## Task requirements:
Below are some records. Return exactly the lines from the one containing "Y318.096 Z135.103" through the one containing "X297.983 Y318.046 Z135.153", both included, and only those.

## Data for analysis:
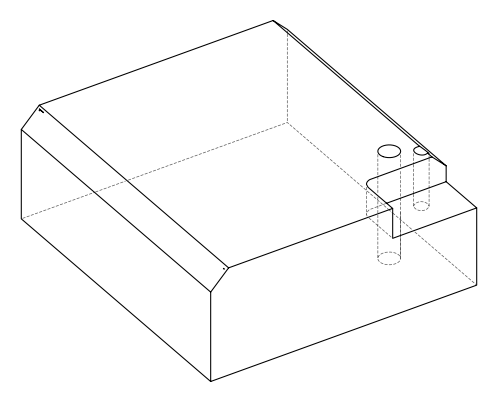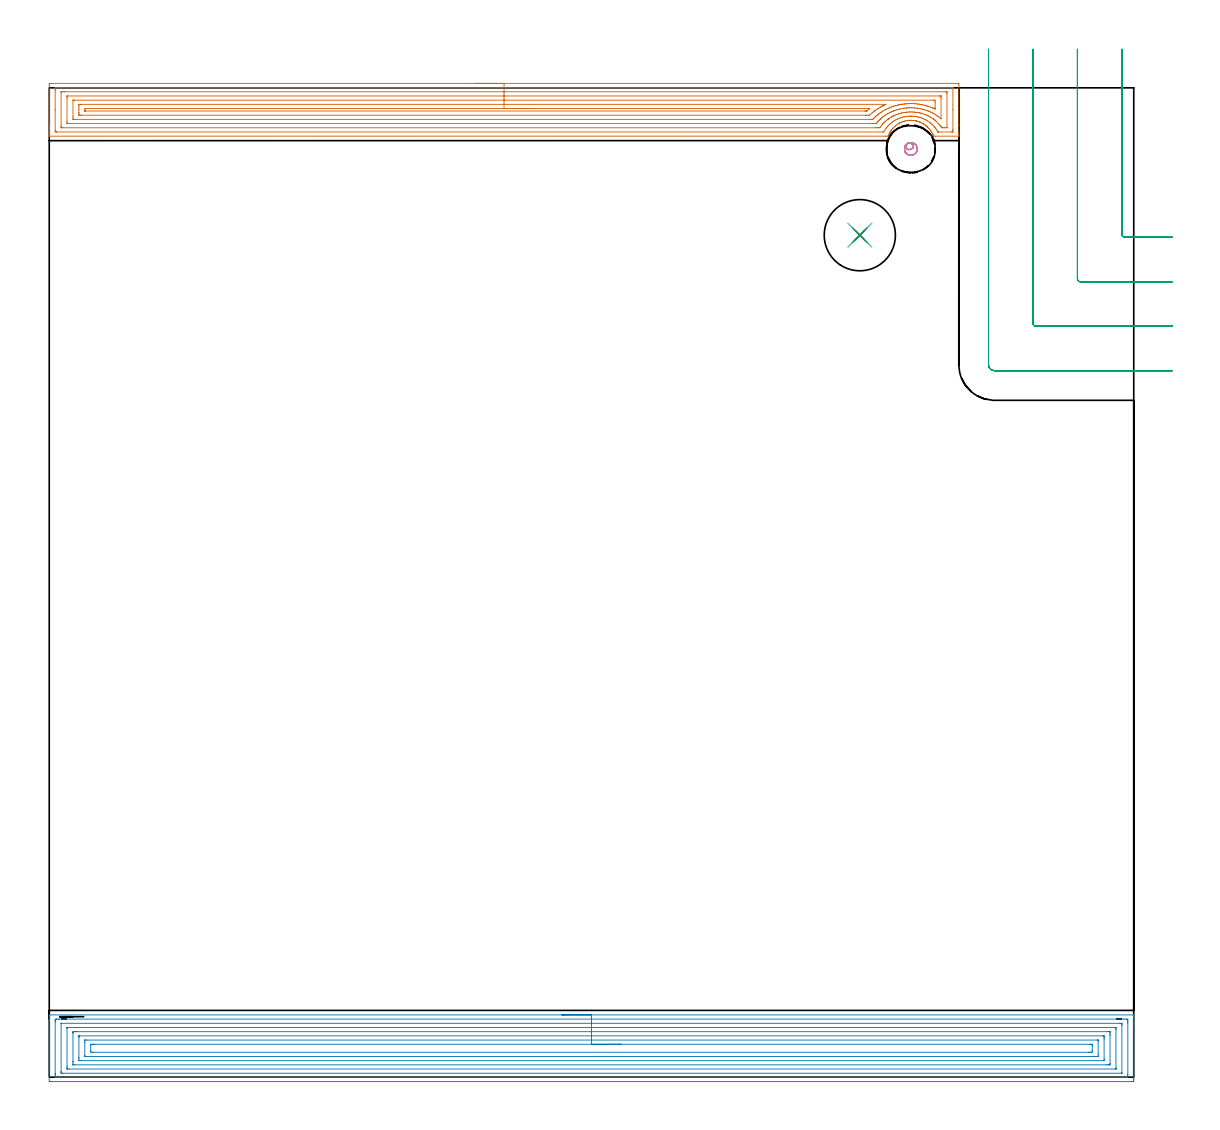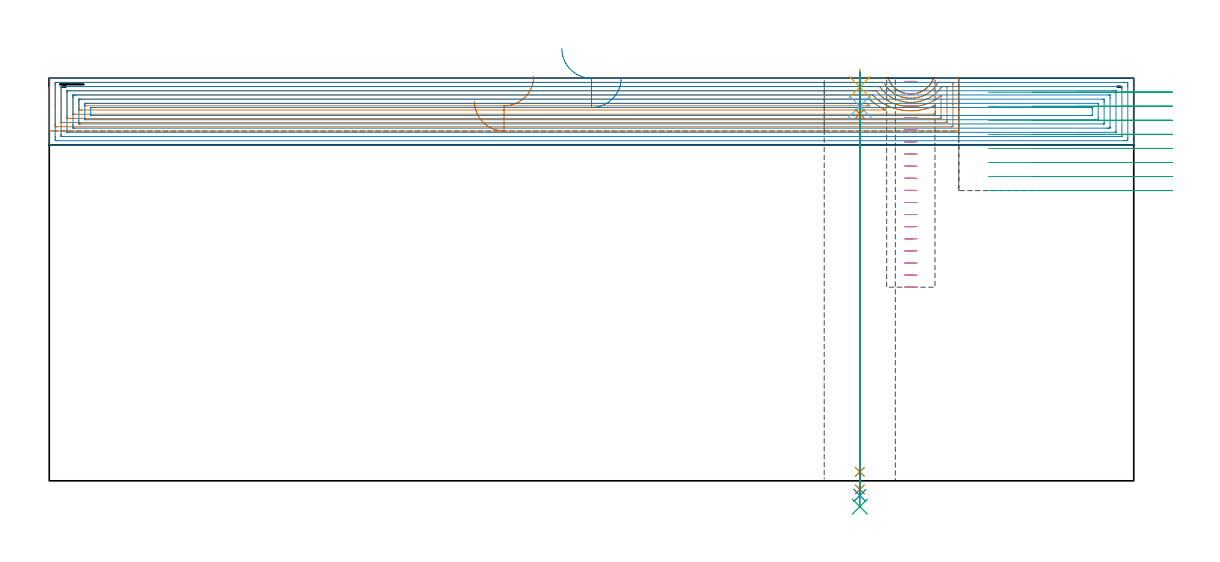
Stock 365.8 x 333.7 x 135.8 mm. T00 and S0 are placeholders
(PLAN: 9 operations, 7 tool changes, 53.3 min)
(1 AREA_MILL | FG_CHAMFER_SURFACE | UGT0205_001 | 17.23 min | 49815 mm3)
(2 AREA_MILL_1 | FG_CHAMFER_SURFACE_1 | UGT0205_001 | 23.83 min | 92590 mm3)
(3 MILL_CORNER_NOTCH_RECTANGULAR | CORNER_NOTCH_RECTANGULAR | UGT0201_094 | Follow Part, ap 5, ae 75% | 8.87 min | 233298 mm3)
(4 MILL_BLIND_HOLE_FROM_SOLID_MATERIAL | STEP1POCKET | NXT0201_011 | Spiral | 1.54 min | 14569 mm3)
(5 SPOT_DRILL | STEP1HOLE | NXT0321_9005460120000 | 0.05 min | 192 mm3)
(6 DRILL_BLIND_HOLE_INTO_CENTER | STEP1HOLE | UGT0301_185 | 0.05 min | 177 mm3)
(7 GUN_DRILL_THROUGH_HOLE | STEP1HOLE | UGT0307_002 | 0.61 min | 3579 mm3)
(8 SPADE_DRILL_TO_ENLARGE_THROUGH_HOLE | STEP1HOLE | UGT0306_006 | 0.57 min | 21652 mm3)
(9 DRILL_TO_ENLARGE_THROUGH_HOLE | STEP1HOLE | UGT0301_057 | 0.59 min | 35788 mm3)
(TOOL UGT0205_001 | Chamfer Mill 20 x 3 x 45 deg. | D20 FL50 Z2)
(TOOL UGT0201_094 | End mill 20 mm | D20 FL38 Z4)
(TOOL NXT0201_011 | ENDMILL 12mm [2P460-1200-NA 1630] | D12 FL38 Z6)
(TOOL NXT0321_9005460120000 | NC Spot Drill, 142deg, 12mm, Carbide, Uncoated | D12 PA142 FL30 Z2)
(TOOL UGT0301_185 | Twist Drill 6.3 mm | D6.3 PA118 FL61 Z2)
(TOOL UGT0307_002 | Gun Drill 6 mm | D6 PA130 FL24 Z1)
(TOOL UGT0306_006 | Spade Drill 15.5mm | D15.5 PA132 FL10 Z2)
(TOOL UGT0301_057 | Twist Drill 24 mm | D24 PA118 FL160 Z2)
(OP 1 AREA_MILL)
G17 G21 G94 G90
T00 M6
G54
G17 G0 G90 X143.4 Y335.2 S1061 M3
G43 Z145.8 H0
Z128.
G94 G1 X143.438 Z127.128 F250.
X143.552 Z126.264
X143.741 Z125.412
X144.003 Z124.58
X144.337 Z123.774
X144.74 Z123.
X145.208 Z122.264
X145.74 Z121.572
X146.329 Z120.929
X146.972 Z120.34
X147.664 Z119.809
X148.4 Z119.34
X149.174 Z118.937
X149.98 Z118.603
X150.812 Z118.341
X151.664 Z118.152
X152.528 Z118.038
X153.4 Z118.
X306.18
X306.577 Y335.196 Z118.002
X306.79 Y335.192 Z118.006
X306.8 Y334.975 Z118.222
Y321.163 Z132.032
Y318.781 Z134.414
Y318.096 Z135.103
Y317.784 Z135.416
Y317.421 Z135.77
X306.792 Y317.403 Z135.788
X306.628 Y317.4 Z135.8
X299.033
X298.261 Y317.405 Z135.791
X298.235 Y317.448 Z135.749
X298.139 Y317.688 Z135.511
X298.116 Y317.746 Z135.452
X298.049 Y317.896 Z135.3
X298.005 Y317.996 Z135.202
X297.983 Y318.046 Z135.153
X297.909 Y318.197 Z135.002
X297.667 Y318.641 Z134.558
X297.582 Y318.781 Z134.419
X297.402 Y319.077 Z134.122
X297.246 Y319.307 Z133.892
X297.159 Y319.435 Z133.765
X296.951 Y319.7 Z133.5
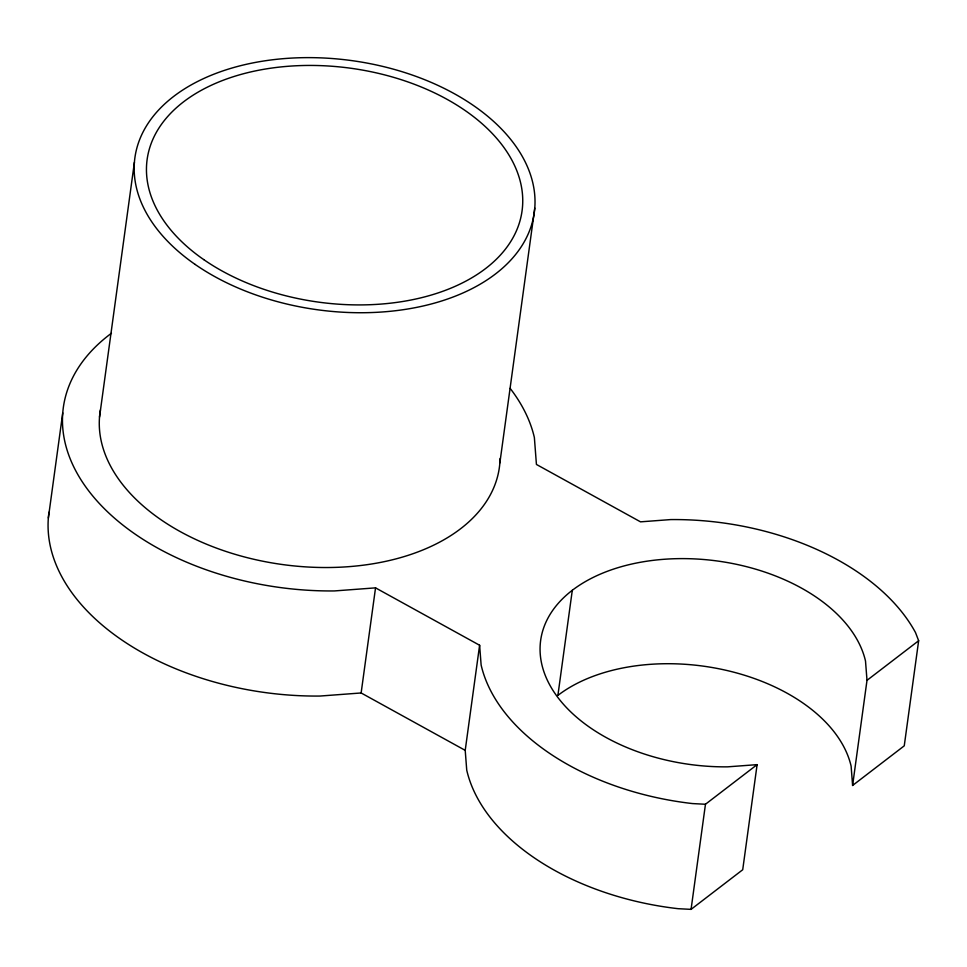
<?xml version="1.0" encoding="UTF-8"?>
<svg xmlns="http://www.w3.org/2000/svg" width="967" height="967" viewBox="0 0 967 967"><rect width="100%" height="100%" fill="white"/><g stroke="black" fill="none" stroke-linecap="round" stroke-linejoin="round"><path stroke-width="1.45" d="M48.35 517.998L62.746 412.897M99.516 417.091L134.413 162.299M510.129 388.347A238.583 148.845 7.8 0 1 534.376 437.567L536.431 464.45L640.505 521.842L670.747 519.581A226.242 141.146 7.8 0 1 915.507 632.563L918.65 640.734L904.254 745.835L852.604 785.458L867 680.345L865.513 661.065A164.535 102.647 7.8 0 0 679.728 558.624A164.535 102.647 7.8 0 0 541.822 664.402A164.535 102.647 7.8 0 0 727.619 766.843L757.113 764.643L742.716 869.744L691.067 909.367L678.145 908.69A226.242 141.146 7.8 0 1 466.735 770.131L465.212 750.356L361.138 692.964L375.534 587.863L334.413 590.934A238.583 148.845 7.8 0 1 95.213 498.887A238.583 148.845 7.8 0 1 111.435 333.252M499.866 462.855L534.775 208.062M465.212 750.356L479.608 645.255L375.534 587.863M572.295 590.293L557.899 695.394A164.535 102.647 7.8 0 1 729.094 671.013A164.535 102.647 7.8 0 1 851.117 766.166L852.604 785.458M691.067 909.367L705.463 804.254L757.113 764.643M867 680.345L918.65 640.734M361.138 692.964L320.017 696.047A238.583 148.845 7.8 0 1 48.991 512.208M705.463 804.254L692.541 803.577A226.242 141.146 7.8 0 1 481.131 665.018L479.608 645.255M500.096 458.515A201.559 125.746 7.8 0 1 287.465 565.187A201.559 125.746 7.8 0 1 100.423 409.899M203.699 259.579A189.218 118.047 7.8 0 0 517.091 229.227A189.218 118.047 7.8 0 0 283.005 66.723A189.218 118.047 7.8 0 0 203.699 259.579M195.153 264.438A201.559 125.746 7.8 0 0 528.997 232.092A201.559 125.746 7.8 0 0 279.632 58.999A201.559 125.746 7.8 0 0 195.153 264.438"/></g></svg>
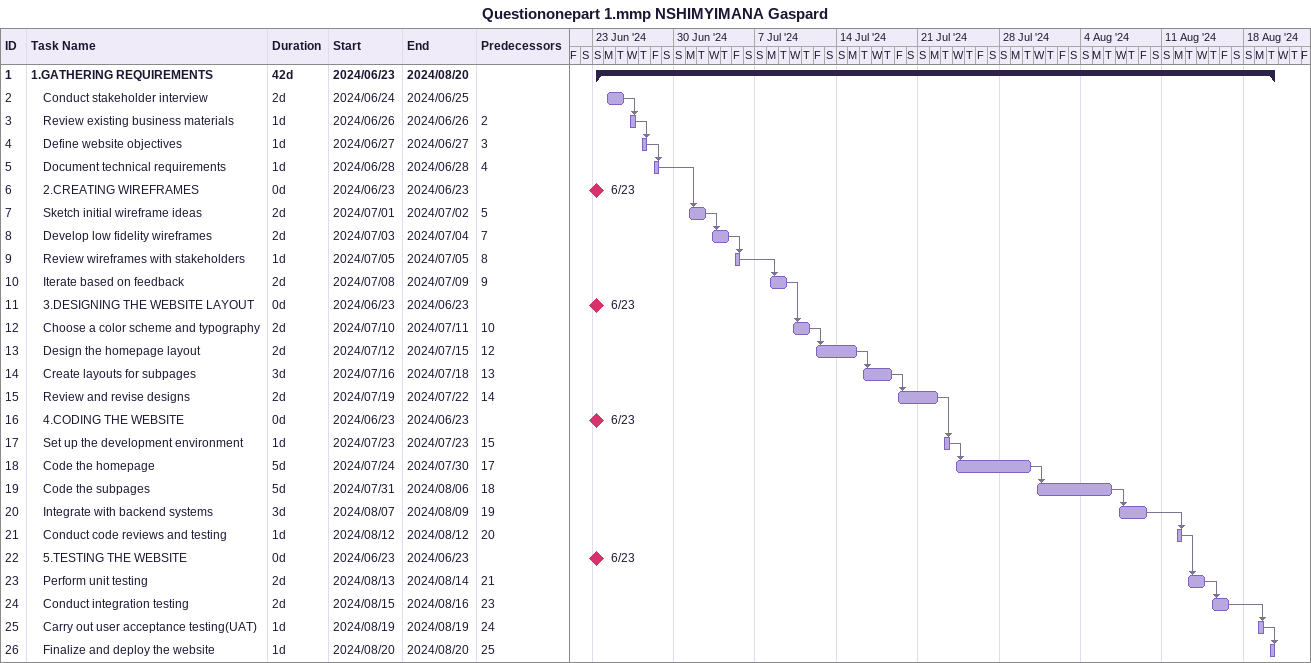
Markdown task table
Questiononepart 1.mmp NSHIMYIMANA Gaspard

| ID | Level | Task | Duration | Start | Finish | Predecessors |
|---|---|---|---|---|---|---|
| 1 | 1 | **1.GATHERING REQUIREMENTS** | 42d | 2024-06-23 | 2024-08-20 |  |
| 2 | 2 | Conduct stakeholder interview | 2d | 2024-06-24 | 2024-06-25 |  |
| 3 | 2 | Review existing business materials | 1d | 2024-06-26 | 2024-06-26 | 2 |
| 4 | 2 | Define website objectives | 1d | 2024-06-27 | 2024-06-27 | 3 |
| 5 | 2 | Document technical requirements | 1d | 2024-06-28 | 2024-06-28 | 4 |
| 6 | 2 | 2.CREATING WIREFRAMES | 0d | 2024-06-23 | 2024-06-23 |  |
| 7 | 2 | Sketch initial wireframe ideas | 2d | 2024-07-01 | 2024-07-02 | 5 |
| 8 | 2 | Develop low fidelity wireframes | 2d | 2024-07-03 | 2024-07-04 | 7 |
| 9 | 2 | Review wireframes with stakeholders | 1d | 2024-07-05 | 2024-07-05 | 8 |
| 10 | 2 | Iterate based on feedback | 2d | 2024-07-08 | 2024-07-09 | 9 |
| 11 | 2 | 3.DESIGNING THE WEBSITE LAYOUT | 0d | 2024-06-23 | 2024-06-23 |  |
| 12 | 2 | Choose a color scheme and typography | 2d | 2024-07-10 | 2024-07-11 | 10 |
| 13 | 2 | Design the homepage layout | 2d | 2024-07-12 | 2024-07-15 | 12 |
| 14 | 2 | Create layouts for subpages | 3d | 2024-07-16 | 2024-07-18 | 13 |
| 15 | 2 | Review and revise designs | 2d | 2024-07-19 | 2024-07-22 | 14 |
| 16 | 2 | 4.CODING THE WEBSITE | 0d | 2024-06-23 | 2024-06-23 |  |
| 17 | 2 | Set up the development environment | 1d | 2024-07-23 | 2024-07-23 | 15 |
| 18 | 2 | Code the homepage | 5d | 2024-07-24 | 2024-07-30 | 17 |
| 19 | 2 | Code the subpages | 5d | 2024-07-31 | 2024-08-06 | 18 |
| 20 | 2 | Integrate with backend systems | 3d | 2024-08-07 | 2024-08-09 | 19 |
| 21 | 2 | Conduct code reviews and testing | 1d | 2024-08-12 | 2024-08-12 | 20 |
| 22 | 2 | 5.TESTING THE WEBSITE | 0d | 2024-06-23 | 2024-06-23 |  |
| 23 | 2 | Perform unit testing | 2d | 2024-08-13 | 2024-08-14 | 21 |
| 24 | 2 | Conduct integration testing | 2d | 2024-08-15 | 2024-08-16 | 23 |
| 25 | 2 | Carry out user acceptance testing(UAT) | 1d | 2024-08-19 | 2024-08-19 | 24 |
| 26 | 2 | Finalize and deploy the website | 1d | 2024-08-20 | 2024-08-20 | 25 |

## Solved exercise:
Y318.096 Z135.103
Y317.784 Z135.416
Y317.421 Z135.77
X306.792 Y317.403 Z135.788
X306.628 Y317.4 Z135.8
X299.033
X298.261 Y317.405 Z135.791
X298.235 Y317.448 Z135.749
X298.139 Y317.688 Z135.511
X298.116 Y317.746 Z135.452
X298.049 Y317.896 Z135.3
X298.005 Y317.996 Z135.202
X297.983 Y318.046 Z135.153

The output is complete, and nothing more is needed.